__TRY IT__:
Transcribe the stretch of entries below from the line with "line L20 (-41.468, -25.7558)" through the line with "line L23 (-36.7102, -18.8331)", exactly and with both ends included; leave out all other lines.

__SUPPLIED MATERIAL__:
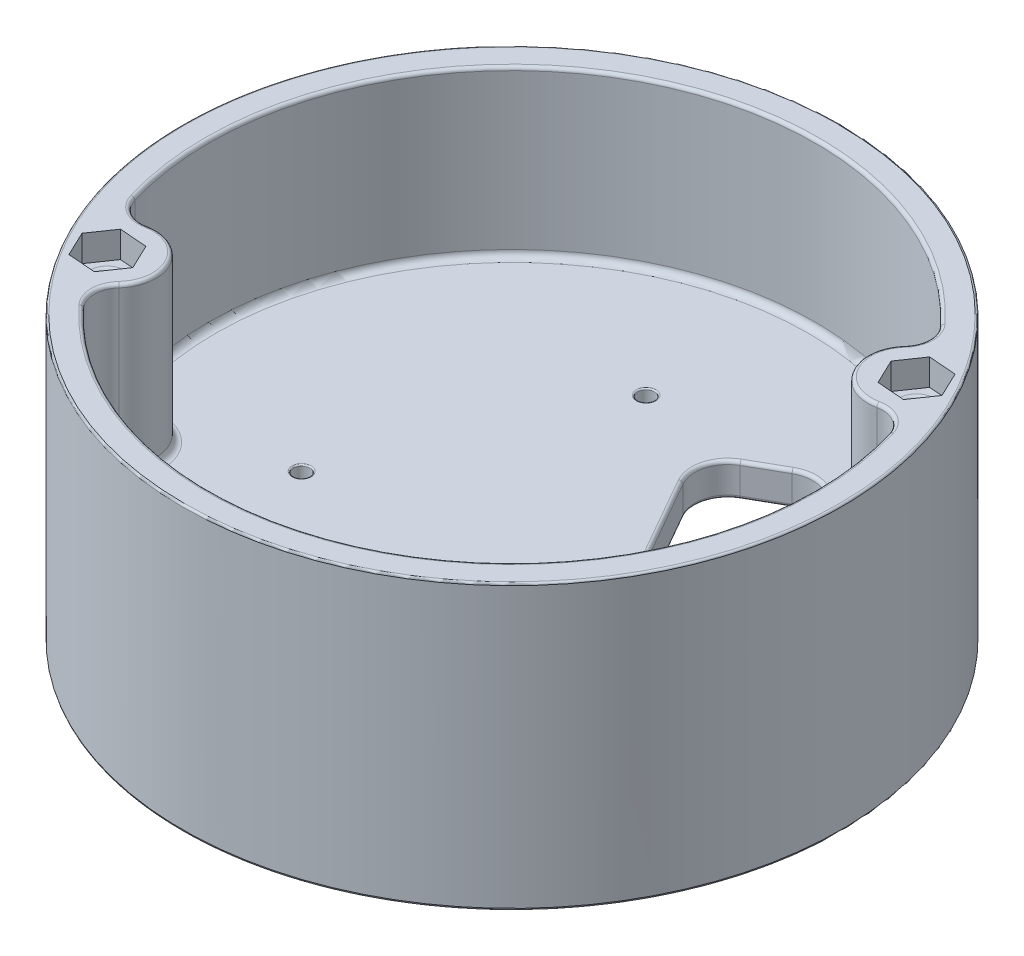
SolidWorks part; units mm, degrees
ref_plane "Front Plane" through (0, 0, 0) normal (0, 0, 1) x (1, 0, 0)
ref_plane "Top Plane" through (0, 0, 0) normal (0, 1, 0) x (1, 0, 0)
ref_plane "Right Plane" through (0, 0, 0) normal (1, 0, 0) x (0, 0, -1)
sketch "Sketch1" plane through (0, 0, 0) normal (0, 1, 0) x (1, 0, 0)
  circle A0 centre (0, 0) radius 50
  point P0 (0, 0)
  dimension "D1" = 100
extrude "Boss-Extrude1" add sketch "Sketch1" along normal blind 5
sketch "Sketch3" plane through (0, 5, 0) normal (0, 1, 0) x (1, 0, 0)
  line L0 (9.8089, 16.1295) -> (18.1373, 1.5273)
  line L1 (24.9577, -0.3388) -> (29.9775, 2.5243)
  line L2 (31.8436, 9.3447) -> (23.5152, 23.9468)
  line L3 (16.6948, 25.8129) -> (11.675, 22.9499)
  circle A4 centre (18.9913, -16.1068) radius 1.25
  circle A5 centre (-20.3263, -11.5931) radius 1.25
  circle A6 centre (-4.1949, 24.5458) radius 1.2779
  arc A7 (29.9775, 2.5243) -> (31.8436, 9.3447) centre (27.5003, 6.8675) ccw
  arc A8 (18.1373, 1.5273) -> (24.9577, -0.3388) centre (22.4805, 4.0045) ccw
  arc A9 (9.8089, 16.1295) -> (11.675, 22.9499) centre (14.1522, 18.6066) cw
  arc A10 (23.5152, 23.9468) -> (16.6948, 25.8129) centre (19.172, 21.4697) ccw
  point P12 (-1.7935, -2.0357)
  dimension "D1" = 5
extrude "Cut-Extrude2" cut sketch "Sketch3" against normal blind 50
sketch "Sketch2" plane through (0, 5, 0) normal (0, 1, 0) x (1, 0, 0)
  line L0 (0, 0) -> (-20.3263, -11.5931) construction
  arc A0 (-36.782, -27.624) -> (42.5018, 17.5954) centre (0, 0) ccw
  circle A1 centre (0, 0) radius 50
  circle A2 centre (0, 0) radius 50
  arc A3 (36.782, 27.624) -> (42.5018, 17.5954) centre (38.2205, 21.799) ccw
  arc A4 (-36.782, -27.624) -> (-42.5018, -17.5954) centre (-38.2205, -21.799) ccw
  circle A5 centre (0, 0) radius 46 construction
  arc A6 (36.782, 27.624) -> (-42.5018, -17.5954) centre (0, 0) ccw
  dimension "D3" = 12
  dimension "D4" = 12
  dimension "D1" = 0
  dimension "D2" = 4
extrude "Boss-Extrude2" add sketch "Sketch2" along normal blind 25
sketch "Sketch4" plane through (0, 30, 0) normal (0, 1, 0) x (1, 0, 0)
  circle A1 centre (39.0891, 22.2944) radius 2.25
  circle A3 centre (-39.0891, -22.2944) radius 2.25
  dimension "D1" = 4.5
  dimension "D2" = 4.5
extrude "Cut-Extrude3" cut sketch "Sketch4" against normal through all
sketch "Sketch5" plane through (0, 30, 0) normal (0, 1, 0) x (1, 0, 0)
  line L12 (37.2797, 26.0877) -> (34.8994, 22.6241)
  line L13 (34.8994, 22.6241) -> (36.7087, 18.8309)
  line L14 (36.7087, 18.8309) -> (40.8985, 18.5012)
  line L15 (40.8985, 18.5012) -> (43.2788, 21.9648)
  line L16 (43.2788, 21.9648) -> (41.4695, 25.758)
  line L17 (41.4695, 25.758) -> (37.2797, 26.0877)
  line L18 (-40.8973, -18.5036) -> (-43.2762, -21.965)
  line L19 (-43.2762, -21.965) -> (-41.468, -25.7558)
  line L20 (-41.468, -25.7558) -> (-37.2809, -26.0853)
  line L21 (-37.2809, -26.0853) -> (-34.902, -22.6239)
  line L22 (-34.902, -22.6239) -> (-36.7102, -18.8331)
  line L23 (-36.7102, -18.8331) -> (-40.8973, -18.5036)
extrude "Cut-Extrude4" cut sketch "Sketch5" against normal blind 4
sketch "Sketch6" plane through (0, 0, 0) normal (0, -1, 0) x (1, 0, 0)
  circle A5 centre (39.0891, -22.2944) radius 2.25 construction
  circle A6 centre (0, 0) radius 50
  circle A7 centre (-39.0891, 22.2944) radius 2.25 construction
  arc A8 (-43.2814, 19.5696) -> (38.8781, -27.29) centre (0, 0) ccw
  arc A9 (43.2814, -19.5696) -> (38.8781, -27.29) centre (39.0891, -22.2944) ccw
  arc A10 (43.2814, -19.5696) -> (-38.8781, 27.29) centre (0, 0) ccw
  arc A11 (-43.2814, 19.5696) -> (-38.8781, 27.29) centre (-39.0891, 22.2944) ccw
  circle A12 centre (39.0891, -22.2944) radius 2.25
  circle A13 centre (-39.0891, 22.2944) radius 2.25
  dimension "D1" = 5
  dimension "D2" = 5
  dimension "D3" = 47.5
  dimension "D4" = 100
extrude "Boss-Extrude3" add sketch "Sketch6" along normal blind 13
fillet "Fillet1" radius 4 4 edges at (43.2814, -6.5, -19.5696) (38.8781, -6.5, -27.29) (-43.2814, -6.5, 19.5696) (-38.8781, -6.5, 27.29)
fillet "Fillet2" radius 0.5 8 edges at (43.2483, -13, -17.0854) (34.7459, -13, -19.8173) (36.723, -13, -28.5262) (-23.533, -13, -41.2607) (-43.2483, -13, 17.0854) (-34.7459, -13, 19.8173) (-36.723, -13, 28.5262) (23.533, -13, 41.2607)
fillet "Fillet3" radius 0.8 8 edges at (43.2483, 0, -17.0854) (34.7459, 0, -19.8173) (36.723, 0, -28.5262) (-23.533, 0, -41.2607) (-43.2483, 0, 17.0854) (-34.7459, 0, 19.8173) (-36.723, 0, 28.5262) (23.533, 0, 41.2607)
fillet "Fillet4" radius 0.3 2 edges at (0, 30, 50) (0, -13, -50)
fillet "Fillet5" radius 4 4 edges at (42.5018, 17.5, -17.5954) (36.782, 17.5, -27.624) (-36.782, 17.5, 27.624) (-42.5018, 17.5, 17.5954)
fillet "Fillet6" radius 0.5 10 edges at (-34.8238, 30, 28.5458) (-33.0086, 30, 18.8264) (-42.2983, 30, 15.4407) (-22.7899, 30, -39.9578) (34.8238, 30, -28.5458) (33.0086, 30, -18.8264) (42.2983, 30, -15.4407) (22.7899, 30, 39.9578) (-39.0891, 26, 24.5444) (39.0891, 26, -20.0444)
fillet "Fillet7" radius 1 8 edges at (-34.8238, 5, 28.5458) (-33.0086, 5, 18.8264) (-42.2983, 5, 15.4407) (-22.7899, 5, -39.9578) (34.8238, 5, -28.5458) (33.0086, 5, -18.8264) (42.2983, 5, -15.4407) (22.7899, 5, 39.9578)
fillet "Fillet8" radius 0.5 16 edges at (32.3231, 0, -5.548) (27.4676, 0, -1.0928) (21.161, 0, 0.8183) (13.9731, 0, -8.8284) (9.3294, 0, -19.9261) (14.1849, 0, -24.3814) (20.4915, 0, -26.2924) (32.3231, 5, -5.548) (27.4676, 5, -1.0928) (21.161, 5, 0.8183) (13.9731, 5, -8.8284) (9.3294, 5, -19.9261) (14.1849, 5, -24.3814) (20.4915, 5, -26.2924) (27.6794, 0, -16.6458) (27.6794, 5, -16.6458)
fillet "Fillet9" radius 0.2 6 edges at (-4.1949, 0, -23.2679) (-4.1949, 5, -23.2679) (-20.3263, 0, 12.8431) (-20.3263, 5, 12.8431) (18.9913, 0, 17.3568) (18.9913, 5, 17.3568)

__SOLUTION BELOW__:
  line L20 (-41.468, -25.7558) -> (-37.2809, -26.0853)
  line L21 (-37.2809, -26.0853) -> (-34.902, -22.6239)
  line L22 (-34.902, -22.6239) -> (-36.7102, -18.8331)
  line L23 (-36.7102, -18.8331) -> (-40.8973, -18.5036)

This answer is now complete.